J'imagine que vous aviez cela à l'esprit lors de la rédaction du projet de loi.

M. Piragoff: Oui, sénateur. Le projet de loi a été rédigé en tenant compte de la Charte.

Je suis heureux que vous ayez soulevé la question du respect de la vie privée car à cet égard, il ne suffit pas simplement de trouver un équilibre entre la sécurité publique et le respect de la vie privée. Il faut également trouver un équilibre entre les divers paramètres du respect de la vie privée. Ainsi, il faut respecter le caractère privé du courriel d'une personne, mais également celui des renseignements personnels des Canadiens conservés dans les banques de données gouvernementales. Les mesures en question feront en sorte de protéger du piratage et des virus les données personnelles que détient le gouvernement sur les citoyens canadiens.

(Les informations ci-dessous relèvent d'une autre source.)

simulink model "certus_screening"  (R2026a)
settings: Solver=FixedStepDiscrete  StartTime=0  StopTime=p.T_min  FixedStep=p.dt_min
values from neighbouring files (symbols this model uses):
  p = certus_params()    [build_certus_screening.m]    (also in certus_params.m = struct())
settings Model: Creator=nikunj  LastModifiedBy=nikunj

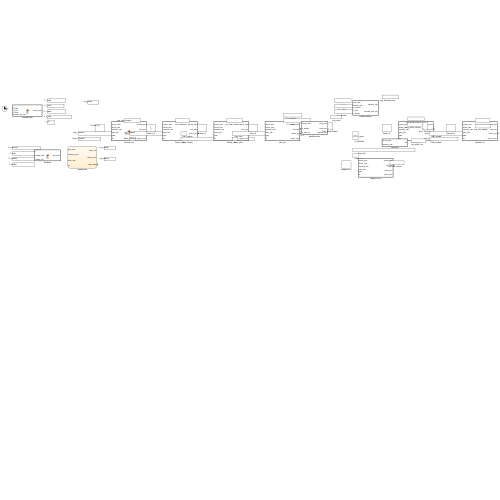
[thumbnail: Simulink's stored preview of the top-level diagram]
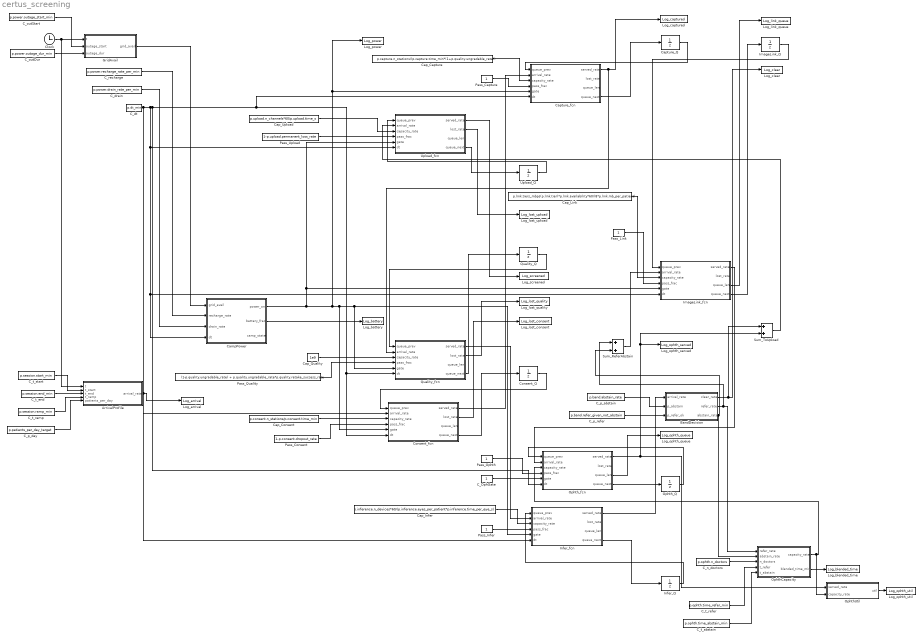
== system certus_screening ==
  ArrivalProfile : MATLAB Function  TreatAsAtomicUnit=on
  BandDecision : MATLAB Function  TreatAsAtomicUnit=on
  C_OphGate : Constant
  C_drain : Constant  Value=p.power.drain_rate_per_min
  C_dt : Constant  Value=p.dt_min
  C_n_doctors : Constant  Value=p.ophth.n_doctors
  C_outDur : Constant  Value=p.power.outage_dur_min
  C_outStart : Constant  Value=p.power.outage_start_min
  C_p_abstain : Constant  Value=p.band.abstain_rate
  C_p_day : Constant  Value=p.patients_per_day_target
  C_p_refer : Constant  Value=p.band.refer_given_not_abstain
  C_recharge : Constant  Value=p.power.recharge_rate_per_min
  C_t_abstain : Constant  Value=p.ophth.time_abstain_min
  C_t_end : Constant  Value=p.session.end_min
  C_t_ramp : Constant  Value=p.session.ramp_min
  C_t_refer : Constant  Value=p.ophth.time_refer_min
  C_t_start : Constant  Value=p.session.start_min
  CampPower : Stateflow chart  TreatAsAtomicUnit=on
  Cap_Capture : Constant  Value=p.capture.n_stations/(p.capture.time_min*(1+p.quality.ungradable_rate))
  Cap_Consent : Constant  Value=p.consent.n_stations/p.consent.time_min
  Cap_Infer : Constant  Value=p.inference.n_devices*60/(p.inference.eyes_per_patient*p.inference.time_per_eye_s)
  Cap_Link : Constant  Value=p.link.tiers_mbps(p.link.tier)*p.link.availability*60/(8*p.link.mb_per_patient)
  Cap_Quality : Constant  Value=1e9
  Cap_Upload : Constant  Value=p.upload.n_channels*60/p.upload.time_s
  Capture_Q : UnitDelay  SampleTime=-1
  Capture_fcn : MATLAB Function  TreatAsAtomicUnit=on
  Clock : Clock
  Consent_Q : UnitDelay  SampleTime=-1
  Consent_fcn : MATLAB Function  TreatAsAtomicUnit=on
  GridAvail : MATLAB Function  TreatAsAtomicUnit=on
  ImageLink_Q : UnitDelay  SampleTime=-1
  ImageLink_fcn : MATLAB Function  TreatAsAtomicUnit=on
  Infer_Q : UnitDelay  SampleTime=-1
  Infer_fcn : MATLAB Function  TreatAsAtomicUnit=on
  Log_arrival : ToWorkspace  VariableName=Log_arrival  SampleTime=p.dt_min
  Log_battery : ToWorkspace  VariableName=Log_battery  SampleTime=p.dt_min
  Log_blended_time : ToWorkspace  VariableName=Log_blended_time  SampleTime=p.dt_min
  Log_captured : ToWorkspace  VariableName=Log_captured  SampleTime=p.dt_min
  Log_clear : ToWorkspace  VariableName=Log_clear  SampleTime=p.dt_min
  Log_link_queue : ToWorkspace  VariableName=Log_link_queue  SampleTime=p.dt_min
  Log_lost_consent : ToWorkspace  VariableName=Log_lost_consent  SampleTime=p.dt_min
  Log_lost_quality : ToWorkspace  VariableName=Log_lost_quality  SampleTime=p.dt_min
  Log_lost_upload : ToWorkspace  VariableName=Log_lost_upload  SampleTime=p.dt_min
  Log_ophth_queue : ToWorkspace  VariableName=Log_ophth_queue  SampleTime=p.dt_min
  Log_ophth_served : ToWorkspace  VariableName=Log_ophth_served  SampleTime=p.dt_min
  Log_ophth_util : ToWorkspace  VariableName=Log_ophth_util  SampleTime=p.dt_min
  Log_power : ToWorkspace  VariableName=Log_power  SampleTime=p.dt_min
  Log_screened : ToWorkspace  VariableName=Log_screened  SampleTime=p.dt_min
  OphthCapacity : MATLAB Function  TreatAsAtomicUnit=on
  OphthUtil : MATLAB Function  TreatAsAtomicUnit=on
  Ophth_Q : UnitDelay  SampleTime=-1
  Ophth_fcn : MATLAB Function  TreatAsAtomicUnit=on
  Pass_Capture : Constant
  Pass_Consent : Constant  Value=1-p.consent.dropout_rate
  Pass_Infer : Constant
  Pass_Link : Constant
  Pass_Ophth : Constant
  Pass_Quality : Constant  Value=(1-p.quality.ungradable_rate) + p.quality.ungradable_rate*p.quality.retake_success_rate
  Pass_Upload : Constant  Value=1-p.upload.permanent_loss_rate
  Quality_Q : UnitDelay  SampleTime=-1
  Quality_fcn : MATLAB Function  TreatAsAtomicUnit=on
  Sum_ReferAbstain : Sum
  Sum_ToUpload : Sum
  Upload_Q : UnitDelay  SampleTime=-1
  Upload_fcn : MATLAB Function  TreatAsAtomicUnit=on
  wires:
  C_recharge/1 -> CampPower/2(recharge_rate)
  C_outStart/1 -> GridAvail/2(outage_start)
  C_p_day/1 -> ArrivalProfile/5(patients_per_day)
  C_drain/1 -> CampPower/3(drain_rate)
  C_outDur/1 -> GridAvail/3(outage_dur)
  Clock/1 -> ArrivalProfile/1(t), GridAvail/1(t)
  C_n_doctors/1 -> OphthCapacity/3(n_doctors)
  C_t_start/1 -> ArrivalProfile/2(t_start)
  C_t_ramp/1 -> ArrivalProfile/4(t_ramp)
  Ophth_Q/1 -> Ophth_fcn/1(queue_prev)
  Ophth_fcn/1(served_rate) -> Sum_ToUpload/2, Log_ophth_served/1, OphthUtil/1(served_rate)
  CampPower/1(power_on) -> Quality_fcn/5(gate), Infer_fcn/5(gate), Consent_fcn/5(gate), Capture_fcn/5(gate), Log_power/1, ImageLink_fcn/5(gate), Upload_fcn/5(gate)
  Pass_Infer/1 -> Infer_fcn/4(pass_frac)
  C_t_end/1 -> ArrivalProfile/3(t_end)
  GridAvail/1(grid_avail) -> CampPower/1(grid_avail)
  C_dt/1 -> ImageLink_fcn/6(dt), CampPower/4(dt), Upload_fcn/6(dt), Consent_fcn/6(dt), Quality_fcn/6(dt), Capture_fcn/6(dt), Ophth_fcn/6(dt), Infer_fcn/6(dt)
  Sum_ToUpload/1 -> Upload_fcn/2(arrival_rate)
  Pass_Upload/1 -> Upload_fcn/4(pass_frac)
  ArrivalProfile/1(arrival_rate) -> Consent_fcn/2(arrival_rate), Log_arrival/1
  Quality_Q/1 -> Quality_fcn/1(queue_prev)
  Cap_Upload/1 -> Upload_fcn/3(capacity_rate)
  CampPower/2(battery_frac) -> Log_battery/1
  Cap_Quality/1 -> Quality_fcn/3(capacity_rate)
  Capture_fcn/4(queue_next) -> Capture_Q/1
  Pass_Quality/1 -> Quality_fcn/4(pass_frac)
  Cap_Consent/1 -> Consent_fcn/3(capacity_rate)
  Pass_Consent/1 -> Consent_fcn/4(pass_frac)
  Cap_Capture/1 -> Capture_fcn/3(capacity_rate)
  Pass_Capture/1 -> Capture_fcn/4(pass_frac)
  Upload_Q/1 -> Upload_fcn/1(queue_prev)
  Upload_fcn/2(lost_rate) -> Log_lost_upload/1
  Upload_fcn/1(served_rate) -> Log_screened/1
  Upload_fcn/4(queue_next) -> Upload_Q/1
  Quality_fcn/1(served_rate) -> Infer_fcn/2(arrival_rate)
  Quality_fcn/2(lost_rate) -> Log_lost_quality/1
  Quality_fcn/4(queue_next) -> Quality_Q/1
  Consent_fcn/1(served_rate) -> Capture_fcn/2(arrival_rate)
  Consent_fcn/2(lost_rate) -> Log_lost_consent/1
  C_p_abstain/1 -> BandDecision/2(p_abstain)
  Consent_fcn/4(queue_next) -> Consent_Q/1
  BandDecision/2(refer_rate) -> Sum_ReferAbstain/1, OphthCapacity/1(refer_rate)
  Pass_Ophth/1 -> Ophth_fcn/4(pass_frac)
  C_OphGate/1 -> Ophth_fcn/5(gate)
  Cap_Infer/1 -> Infer_fcn/3(capacity_rate)
  Capture_Q/1 -> Capture_fcn/1(queue_prev)
  Capture_fcn/1(served_rate) -> Quality_fcn/2(arrival_rate), Log_captured/1
  Cap_Link/1 -> ImageLink_fcn/3(capacity_rate)
  Pass_Link/1 -> ImageLink_fcn/4(pass_frac)
  C_t_abstain/1 -> OphthCapacity/5(t_abstain)
  Sum_ReferAbstain/1 -> ImageLink_fcn/2(arrival_rate)
  Consent_Q/1 -> Consent_fcn/1(queue_prev)
  BandDecision/1(clear_rate) -> Log_clear/1, Sum_ToUpload/1
  ImageLink_fcn/4(queue_next) -> ImageLink_Q/1
  C_p_refer/1 -> BandDecision/3(p_refer_ok)
  Ophth_fcn/3(queue_len) -> Log_ophth_queue/1
  Infer_Q/1 -> Infer_fcn/1(queue_prev)
  Infer_fcn/1(served_rate) -> BandDecision/1(arrival_rate)
  Ophth_fcn/4(queue_next) -> Ophth_Q/1
  Infer_fcn/4(queue_next) -> Infer_Q/1
  ImageLink_Q/1 -> ImageLink_fcn/1(queue_prev)
  ImageLink_fcn/1(served_rate) -> Ophth_fcn/2(arrival_rate)
  ImageLink_fcn/3(queue_len) -> Log_link_queue/1
  BandDecision/3(abstain_rate) -> Sum_ReferAbstain/2, OphthCapacity/2(abstain_rate)
  C_t_refer/1 -> OphthCapacity/4(t_refer)
  OphthCapacity/1(capacity_rate) -> Ophth_fcn/3(capacity_rate), OphthUtil/2(capacity_rate)
  OphthCapacity/2(blended_time_min) -> Log_blended_time/1
  OphthUtil/1(util) -> Log_ophth_util/1

== matlab function certus_screening/Infer_fcn ==
  data: queue_prev input; served_rate output; arrival_rate input; capacity_rate input; pass_frac input; gate input; dt input; lost_rate output; queue_len output; queue_next output
function [served_rate, lost_rate, queue_len, queue_next] = rate_stage(queue_prev, arrival_rate, capacity_rate, pass_frac, gate, dt)
%RATE_STAGE Generic fluid/rate-based queue update for one pipeline
% stage. queue_prev is fed back from a Unit Delay block (this is
% the discrete-time "integrator" state for the stage).
capacity_count = capacity_rate * gate * dt;
arrival_count = arrival_rate * dt;
available = queue_prev + arrival_count;
attempt = min(available, capacity_count);
served_count = attempt * pass_frac;
lost_count = attempt * (1 - pass_frac);
queue_next = available - attempt;
served_rate = served_count / dt;
lost_rate = lost_count / dt;
queue_len = queue_next;

== matlab function certus_screening/BandDecision ==
  data: arrival_rate input; clear_rate output; p_abstain input; p_refer_ok input; refer_rate output; abstain_rate output
function [clear_rate, refer_rate, abstain_rate] = band_decision(arrival_rate, p_abstain, p_refer_ok)
% Screening-band split. p_abstain measured from trust.json
% (screening_band.measured.*.abstain_rate). p_refer_ok is the ASSUMED
% referable-DR share among non-abstained patients (certus_params.m).
abstain_rate = arrival_rate * p_abstain;
ok_rate = arrival_rate * (1 - p_abstain);
refer_rate = ok_rate * p_refer_ok;
clear_rate = ok_rate - refer_rate;

== matlab function certus_screening/OphthCapacity ==
  data: refer_rate input; capacity_rate output; abstain_rate input; n_doctors input; t_refer input; t_abstain input; blended_time_min output
function [capacity_rate, blended_time_min] = ophth_capacity(refer_rate, abstain_rate, n_doctors, t_refer, t_abstain)
% Blended service-time approximation. When arrivals stop at session close,
% total drops to ~0 and the original code jumped to t_abstain (90s), cutting
% clearing capacity by 60% and producing spurious queue build-ups. Instead,
% fall back to t_refer (the faster path) when no new demand is arriving --
% this is conservative for the capacity estimate (faster clearing = fewer
% patients sent home) and honest: the queue at end-of-day is dominated by
% auto-referred eyes, not abstentions.
total = refer_rate + abstain_rate;
if total > 1e-9
    blended_time_min = (refer_rate*t_refer + abstain_rate*t_abstain) / total;
else
    blended_time_min = t_refer;
end
blended_time_min = max(blended_time_min, 1e-6);
capacity_rate = n_doctors / blended_time_min;

== matlab function certus_screening/ImageLink_fcn ==
  data: queue_prev input; served_rate output; arrival_rate input; capacity_rate input; pass_frac input; gate input; dt input; lost_rate output; queue_len output; queue_next output
function [served_rate, lost_rate, queue_len, queue_next] = rate_stage(queue_prev, arrival_rate, capacity_rate, pass_frac, gate, dt)
%RATE_STAGE Generic fluid/rate-based queue update for one pipeline
% stage. queue_prev is fed back from a Unit Delay block (this is
% the discrete-time "integrator" state for the stage).
capacity_count = capacity_rate * gate * dt;
arrival_count = arrival_rate * dt;
available = queue_prev + arrival_count;
attempt = min(available, capacity_count);
served_count = attempt * pass_frac;
lost_count = attempt * (1 - pass_frac);
queue_next = available - attempt;
served_rate = served_count / dt;
lost_rate = lost_count / dt;
queue_len = queue_next;

== matlab function certus_screening/Ophth_fcn ==
  data: queue_prev input; served_rate output; arrival_rate input; capacity_rate input; pass_frac input; gate input; dt input; lost_rate output; queue_len output; queue_next output
function [served_rate, lost_rate, queue_len, queue_next] = rate_stage(queue_prev, arrival_rate, capacity_rate, pass_frac, gate, dt)
%RATE_STAGE Generic fluid/rate-based queue update for one pipeline
% stage. queue_prev is fed back from a Unit Delay block (this is
% the discrete-time "integrator" state for the stage).
capacity_count = capacity_rate * gate * dt;
arrival_count = arrival_rate * dt;
available = queue_prev + arrival_count;
attempt = min(available, capacity_count);
served_count = attempt * pass_frac;
lost_count = attempt * (1 - pass_frac);
queue_next = available - attempt;
served_rate = served_count / dt;
lost_rate = lost_count / dt;
queue_len = queue_next;

== matlab function certus_screening/OphthUtil ==
  data: served_rate input; util output; capacity_rate input
function util = util_calc(served_rate, capacity_rate)
util = served_rate / max(capacity_rate, 1e-9);
util = min(max(util,0),1);

== matlab function certus_screening/Upload_fcn ==
  data: queue_prev input; served_rate output; arrival_rate input; capacity_rate input; pass_frac input; gate input; dt input; lost_rate output; queue_len output; queue_next output
function [served_rate, lost_rate, queue_len, queue_next] = rate_stage(queue_prev, arrival_rate, capacity_rate, pass_frac, gate, dt)
%RATE_STAGE Generic fluid/rate-based queue update for one pipeline
% stage. queue_prev is fed back from a Unit Delay block (this is
% the discrete-time "integrator" state for the stage).
capacity_count = capacity_rate * gate * dt;
arrival_count = arrival_rate * dt;
available = queue_prev + arrival_count;
attempt = min(available, capacity_count);
served_count = attempt * pass_frac;
lost_count = attempt * (1 - pass_frac);
queue_next = available - attempt;
served_rate = served_count / dt;
lost_rate = lost_count / dt;
queue_len = queue_next;

== matlab function certus_screening/GridAvail ==
  data: t input; grid_avail output; outage_start input; outage_dur input
function grid_avail = grid_avail_fn(t, outage_start, outage_dur)
% 1 = grid present, 0 = grid outage. A single outage window per
% scenario is enough to demonstrate the grid->battery->offline
% Stateflow transitions; see run_certus_screening.m for the
% power-outage scenario values.
if t >= outage_start && t < outage_start + outage_dur
    grid_avail = 0;
else
    grid_avail = 1;
end

== matlab function certus_screening/ArrivalProfile ==
  data: t input; arrival_rate output; t_start input; t_end input; t_ramp input; patients_per_day input
function arrival_rate = arrival_profile(t, t_start, t_end, t_ramp, patients_per_day)
% Trapezoid-shaped registration-rate profile (patients/min) that
% integrates to patients_per_day across one camp session. ASSUMPTION:
% patients trickle in/out over t_ramp minutes at open/close rather than
% arriving as a step function.
dur = t_end - t_start;
plateau = max(dur - 2*t_ramp, eps);
peak = patients_per_day / (t_ramp/2 + plateau + t_ramp/2);
if t < t_start || t > t_end
    arrival_rate = 0;
elseif t < t_start + t_ramp
    arrival_rate = peak * (t - t_start) / t_ramp;
elseif t < t_end - t_ramp
    arrival_rate = peak;
else
    arrival_rate = peak * (t_end - t) / t_ramp;
end

== stateflow chart certus_screening/CampPower ==
  state GRID
    entry: power_on=1; camp_state=1;
    during: battery=min(1,battery+recharge_rate*dt); power_on=1; battery_frac=battery;
  state BATTERY
    entry: camp_state=2;
    during: battery=max(0,battery-drain_rate*dt); power_on=1; battery_frac=battery;
  state OFFLINE
    entry: power_on=0; camp_state=3; battery=0;
    during: battery_frac=battery;
  BATTERY -> GRID [order 1] : [grid_avail]
  (default) -> GRID : {battery=1;}
  OFFLINE -> GRID : [grid_avail]
  GRID -> BATTERY : [~grid_avail]
  BATTERY -> OFFLINE [order 2] : [battery<=0]
  data: grid_avail input; recharge_rate input; drain_rate input; dt input; power_on output; battery_frac output; camp_state output; battery local

== matlab function certus_screening/Consent_fcn ==
  data: queue_prev input; served_rate output; arrival_rate input; capacity_rate input; pass_frac input; gate input; dt input; lost_rate output; queue_len output; queue_next output
function [served_rate, lost_rate, queue_len, queue_next] = rate_stage(queue_prev, arrival_rate, capacity_rate, pass_frac, gate, dt)
%RATE_STAGE Generic fluid/rate-based queue update for one pipeline
% stage. queue_prev is fed back from a Unit Delay block (this is
% the discrete-time "integrator" state for the stage).
capacity_count = capacity_rate * gate * dt;
arrival_count = arrival_rate * dt;
available = queue_prev + arrival_count;
attempt = min(available, capacity_count);
served_count = attempt * pass_frac;
lost_count = attempt * (1 - pass_frac);
queue_next = available - attempt;
served_rate = served_count / dt;
lost_rate = lost_count / dt;
queue_len = queue_next;

== matlab function certus_screening/Capture_fcn ==
  data: queue_prev input; served_rate output; arrival_rate input; capacity_rate input; pass_frac input; gate input; dt input; lost_rate output; queue_len output; queue_next output
function [served_rate, lost_rate, queue_len, queue_next] = rate_stage(queue_prev, arrival_rate, capacity_rate, pass_frac, gate, dt)
%RATE_STAGE Generic fluid/rate-based queue update for one pipeline
% stage. queue_prev is fed back from a Unit Delay block (this is
% the discrete-time "integrator" state for the stage).
capacity_count = capacity_rate * gate * dt;
arrival_count = arrival_rate * dt;
available = queue_prev + arrival_count;
attempt = min(available, capacity_count);
served_count = attempt * pass_frac;
lost_count = attempt * (1 - pass_frac);
queue_next = available - attempt;
served_rate = served_count / dt;
lost_rate = lost_count / dt;
queue_len = queue_next;

== matlab function certus_screening/Quality_fcn ==
  data: queue_prev input; served_rate output; arrival_rate input; capacity_rate input; pass_frac input; gate input; dt input; lost_rate output; queue_len output; queue_next output
function [served_rate, lost_rate, queue_len, queue_next] = rate_stage(queue_prev, arrival_rate, capacity_rate, pass_frac, gate, dt)
%RATE_STAGE Generic fluid/rate-based queue update for one pipeline
% stage. queue_prev is fed back from a Unit Delay block (this is
% the discrete-time "integrator" state for the stage).
capacity_count = capacity_rate * gate * dt;
arrival_count = arrival_rate * dt;
available = queue_prev + arrival_count;
attempt = min(available, capacity_count);
served_count = attempt * pass_frac;
lost_count = attempt * (1 - pass_frac);
queue_next = available - attempt;
served_rate = served_count / dt;
lost_rate = lost_count / dt;
queue_len = queue_next;

La question ne se résume pas à assurer la protection des systèmes informatiques par rapport à la protection de la vie privée. Il faut également respecter le caractère privé des renseignements personnels concernant les Canadiens que possède le gouvernement. On veut ainsi assurer un meilleur respect de la vie privée des citoyens et les protéger contre des pirates qui voudraient s'infiltrer dans les banques de données du gouvernement ou des banques de données privées — par exemple celles des sociétés de la Couronne.

Le sénateur Beaudoin: Dans un autre comité, nous étudions le fameux projet de loi C-7, qui est d'une grande importance. C'est le fils du projet de loi C-36. La Couronne ou l'administration a le droit de détruire certains documents qu'elle a obtenus. Je suis tout à fait d'accord avec cela. Un problème se pose, évidemment, lorsque nous communiquons des documents à d'autres pays. Parfois, on se demande s'ils détruisent aussi ces documents après un certain nombre de jours, comme nous le faisons nous-mêmes.

Nous n'en sommes pas sûrs, mais nous ne pouvons aller plus loin que cela.

Mais la mesure relève d'un contexte bien différent. C'est un autre domaine. Je crois savoir que vous conservez l'information que vous obtenez, recueillez, voyez ou recevez. Il n'y a pas vraiment d'intrusion permanente dans la vie d'une personne.

M. Piragoff: C'est exact, sénateurs. Cette disposition a été rédigée en consultation avec le commissaire à la protection de la vie privée. On trouve dans le projet de loi un article spécifique stipulant que toute information recueillie grâce à un système de détection d'intrusion ne peut être utilisée ou conservée que si elle est essentielle pour détecter, isoler ou empêcher des activités dommageables pour l'ordinateur ou encore, par exemple, si elle est nécessaire dans le cadre d'une enquête ou d'une poursuite au criminel. En l'absence de l'une ou l'autre de ces raisons, il est impératif de détruire ou d'éliminer l'information. Ce sont les paramètres qui limitent la capacité de conserver cette information, et cela est repris dans la Loi sur la gestion des finances publiques.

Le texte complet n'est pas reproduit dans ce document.